A CERN
success story
Akka helps CERN to keep groundbreaking physics experiments running smoothly
The need
CERN operates seven large particle accelerators, including the Large Hadron Collider (LHC). With a circumference of 27 kilometers, making it by far the largest machine ever constructed, the LHC contains more than 10,000 superconducting magnets to accelerate and steer beams of subatomic particles. To keep the LHC and other accelerators working reliably to serve the scientific community, CERN gathers, stores, and analyzes more than 2.5 million signals (3.5TB of data daily) from operational devices that make up the Accelerator Control System.
Vito Baggiolini, leader of the CPA Section in the CERN Accelerator Controls Group, says: “We mainly collect information on how the hundreds of sub-systems and tens of thousands of devices in the accelerators are working, and on the characteristics of the particle beam, such as its shape and intensity. The data we store helps accelerator experts to ensure that the whole complex of accelerators is functioning reliably and to the expected standards at all times.”
Already in the early 2000s, CERN built its own highly available, resilient, and robust data acquisition and storage system: CALS. Based on a high-performance relational database, this system had scaled well from its first deployment in 2003, but to cope with the increasing need for more complex and long-running analyses, it became clear that a new approach was needed.
The challenge
In 2017, CERN set out to create its next-generation replacement: NXCALS. This would use Spark on a Hadoop cluster for distributed execution of advanced analytical algorithms.

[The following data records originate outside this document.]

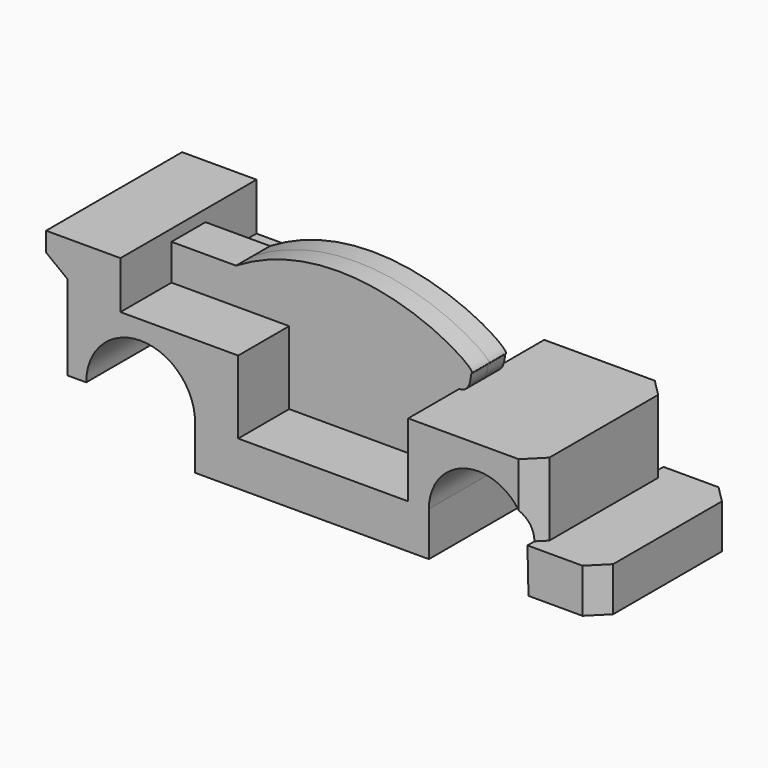
from build123d import *

# Parameters (mm, degrees)
F1_DEPTH    = 25.4
F0_W        = 19.2914952449
F0_H        = 10.7399431888
F2_DEPTH    = 6.35
F0_W_2      = 50.8
F0_H_2      = 21.8239631504
F3_DEPTH    = 6.35
F4_DEPTH    = 25.4
F5_DEPTH    = 6.35
F7_DEPTH    = 25.4
F8_SIZE     = 5.08
F9_T1_DEPTH = 34.8881127292


# Not quite as in the source:
# - a fillet or chamfer that OpenCascade refuses, or shapes differently, is made with other operations: its cross-section is extruded or revolved along the edge and cut away or added


with BuildPart() as f1:
    # F0 (on Front) → F1 (new body, symmetric)
    with BuildSketch(Plane.XZ):
        with BuildLine():
            Line((-75.1296169648, 36.0071417369), (-97.3546169648, 36.0071417369))
            Line((-97.3546169648, 36.0071417369), (-97.3546169648, 30.2704927005))
            Line((-97.3546169648, 30.2704927005), (-91.0229831883, 25.4))
            Line((-91.0229831883, 25.4), (-91.0229831883, 0))
            Line((-91.0229831883, 0), (-85.3649152333, 0))
            ThreePointArc((-85.3649152333, 0), (-69.097654886, 16.2672603473), (-52.8303945387, 0))
            Line((-52.8303945387, 0), (-39.9631213073, 0))
            Line((-39.9631213073, 0), (-39.9631213073, 21.8239631504))
            Line((-39.9631213073, 21.8239631504), (-55.8381217199, 21.8239631504))
            Line((-55.8381217199, 21.8239631504), (-75.1296169648, 21.8239631504))
            Line((-75.1296169648, 21.8239631504), (-75.1296169648, 32.5639063391))
            Line((-75.1296169648, 32.5639063391), (-75.1296169648, 36.0071417369))
        make_face()
    extrude(amount=F1_DEPTH, both=True)

    # F0 (on Front) → F2 (join, symmetric)
    with BuildSketch(Plane.XZ):
        with Locations((-65.4838693423, 27.1939347448)):
            Rectangle(F0_W, F0_H)
    extrude(amount=F2_DEPTH, both=True)

    # F0 (on Front) → F3 (join, symmetric)
    with BuildSketch(Plane.XZ):
        with Locations((-14.5631213073, 10.9119815752)):
            Rectangle(F0_W_2, F0_H_2)
    extrude(amount=F3_DEPTH, both=True)

    # F0 (on Front) → F4 (join, symmetric)
    with BuildSketch(Plane.XZ):
        with BuildLine():
            Line((-39.9631213073, 0), (-52.8303945387, 0))
            Line((-52.8303945387, 0), (-52.8303945387, -13.2021475583))
            Line((-52.8303945387, -13.2021475583), (17.0196054613, -13.2021475583))
            Line((17.0196054613, -13.2021475583), (17.0196054613, 0))
            ThreePointArc((17.0196054613, 0), (31.740901159, 14.7212956977), (46.4621968567, 0))
            Line((46.4621968567, 0), (48.9368786927, 0))
            Line((48.9368786927, 0), (48.9368786927, 21.8239631504))
            Line((48.9368786927, 21.8239631504), (10.8368786927, 21.8239631504))
            Line((10.8368786927, 21.8239631504), (10.8368786927, 0))
            Line((10.8368786927, 0), (-39.9631213073, 0))
        make_face()
    extrude(amount=F4_DEPTH, both=True)

    # F0 (on Front) → F5 (join, symmetric)
    with BuildSketch(Plane.XZ):
        with BuildLine():
            add(Edge.make_bspline(
                [(-55.8381217199, 32.5639063391), (-21.9943716528, 53.0867397368), (14.9422549228, 30.0580051652), (14.6605303397, 27.2929135664), (14.6510890776, 27.2561161473)],
                knots=[0, 0, 0, 0, 0.9196914564, 0.9333237743, 0.9333237743, 0.9333237743, 0.9333237743], degree=3))
            Line((-55.8381217199, 32.5639063391), (-55.8381217199, 21.8239631504))
            Line((-55.8381217199, 21.8239631504), (-39.9631213073, 21.8239631504))
            Line((-39.9631213073, 21.8239631504), (10.8368786927, 21.8239631504))
            add(Edge.make_bspline(
                [(10.8368786927, 21.8239631504), (14.3414601512, 21.8239631504), (14.1556344602, 26.013278758), (14.4361378277, 26.8880673131)],
                knots=[0, 0, 0, 0, 0.7087903715, 0.7087903715, 0.7087903715, 0.7087903715], degree=3))
            add(Edge.make_bspline(
                [(14.4670024546, 26.9684424726), (14.4472838381, 26.9404074645), (14.4347952429, 26.9142327885), (14.4361378277, 26.8880673131)],
                knots=[0.9814355703, 0.9814355703, 0.9814355703, 0.9814355703, 1, 1, 1, 1], degree=3))
            add(Edge.make_bspline(
                [(14.4670024546, 26.9684424726), (14.521048149, 27.0861460429), (14.5831737171, 27.1208715793), (14.6206044517, 27.1763895775)],
                knots=[0.7335614759, 0.7335614759, 0.7335614759, 0.7335614759, 0.8588119226, 0.8588119226, 0.8588119226, 0.8588119226], degree=3))
            add(Edge.make_bspline(
                [(14.6510890776, 27.2561161473), (14.6437422584, 27.2274818417), (14.6331701617, 27.2010214483), (14.6206044517, 27.1763895775)],
                knots=[0.9333237743, 0.9333237743, 0.9333237743, 0.9333237743, 0.9439319084, 0.9439319084, 0.9439319084, 0.9439319084], degree=3))
        make_face()
    extrude(amount=F5_DEPTH, both=True)

    # F0 (on Front) → F7 (join, symmetric)
    with BuildSketch(Plane.XZ):
        Polygon((48.9368786927, -13.1861399859), (48.9368786927, 0), (46.4621968567, 0), (46.7710867524, -13.1861399859), align=None)
        Polygon((59.2892281711, 0), (48.9368786927, 0), (48.9368786927, -13.1861399859), (67.9868786927, -13.1861399859), (67.9868786927, 0), align=None)
    extrude(amount=F7_DEPTH, both=True)

    # F8
    f8_edges = [f1.edges().sort_by_distance(p)[0] for p in [
        (67.986879, -25.4, -6.59307),
        (67.986879, 25.4, -6.59307),
    ]]
    chamfer(f8_edges, length=F8_SIZE)

    # F9: chamfer of 5.08 on 2 edges, made by hand

    # F9_s2 → F9_t1 (cut)
    with BuildSketch(Plane.XY):
        Polygon((48.9368786927, -20.32), (43.8568786927, -25.4), (48.9368786927, -25.4), align=None)
        Polygon((43.8568786927, 25.4), (48.9368786927, 20.32), (48.9368786927, 25.4), align=None)
    extrude(amount=F9_T1_DEPTH, mode=Mode.SUBTRACT)


solid = f1.part
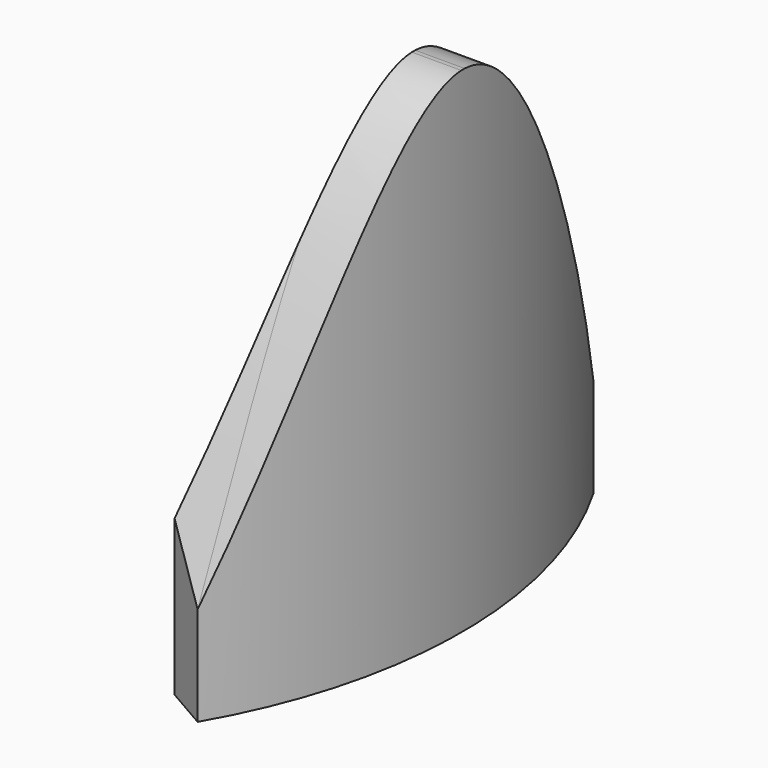
from build123d import *

# Parameters (mm, degrees)
F1_DEPTH = 12.7
F3_DEPTH = 6.35


# Not quite as in the source:
# - a feature names something its author has since deleted; it is built from what else it names


with BuildPart() as f1:
    # F0 (on Top) → F1 (new body)
    with BuildSketch(Plane.XY):
        with BuildLine():
            Line((-1.099852253, -12.0650000057), (0, -12.7))
            ThreePointArc((0, -12.7), (1.7014773719, -6.35), (0, 0))
            Line((0, 0), (-1.099852253, -0.6349999943))
            ThreePointArc((-1.099852253, -0.6349999943), (0.4314773832, -6.35), (-1.099852253, -12.0650000057))
        make_face()
    extrude(amount=F1_DEPTH)

    # F2 (on Right) → F3 (cut, symmetric)
    with BuildSketch(Plane.YZ):
        with BuildLine():
            Line((0, 12.7), (-6.259501017, 12.7))
            add(Edge.make_bspline(
                [(0, 2.54), (-2.0835692993, 7.5354677351), (-4.1744975267, 12.6135905998), (-6.259501017, 12.7)],
                knots=[0, 0, 0, 0, 0.4917268941, 0.4917268941, 0.4917268941, 0.4917268941], degree=3))
            Line((0, 2.54), (0, 12.7))
        make_face()
        with BuildLine():
            add(Edge.make_bspline(
                [(-6.259501017, 12.7), (-6.2953843519, 12.7014871234), (-6.331265932, 12.7014957456), (-6.3671456895, 12.7)],
                knots=[0.4917268941, 0.4917268941, 0.4917268941, 0.4917268941, 0.5001896141, 0.5001896141, 0.5001896141, 0.5001896141], degree=3))
            Line((-6.3671456895, 12.7), (-6.259501017, 12.7))
        make_face()
        with BuildLine():
            add(Edge.make_bspline(
                [(-6.3671456895, 12.7), (-8.4862132407, 12.6116608867), (-10.5989234677, 7.2759161441), (-12.7, 2.54)],
                knots=[0.5001896141, 0.5001896141, 0.5001896141, 0.5001896141, 1, 1, 1, 1], degree=3))
            Line((-6.3671456895, 12.7), (-12.7, 12.7))
            Line((-12.7, 12.7), (-12.7, 2.54))
        make_face()
    extrude(amount=F3_DEPTH, both=True, mode=Mode.SUBTRACT)


solid = f1.part

The key technical requirements for the data acquisition and ingestion system within NXCALS were: exceptional fault-tolerance and resilience to manage process failures without any data losses or other service disruption; the ability to load-balance data subscriptions evenly across processes to avoid overloads; and the ability to scale rapidly and easily by adding new system resources to handle new sources of data.
Marcin Sobieszek, senior computing engineer within the CERN Accelerator Controls Group, says: “We aimed to implement a highly distributed application in which workload would be spread horizontally among nodes. We wanted the ability to dynamically add resources to the process cluster, along with failure detection and notification capabilities. For this, the ability to persist the state of this distributed system on external storage was vital.”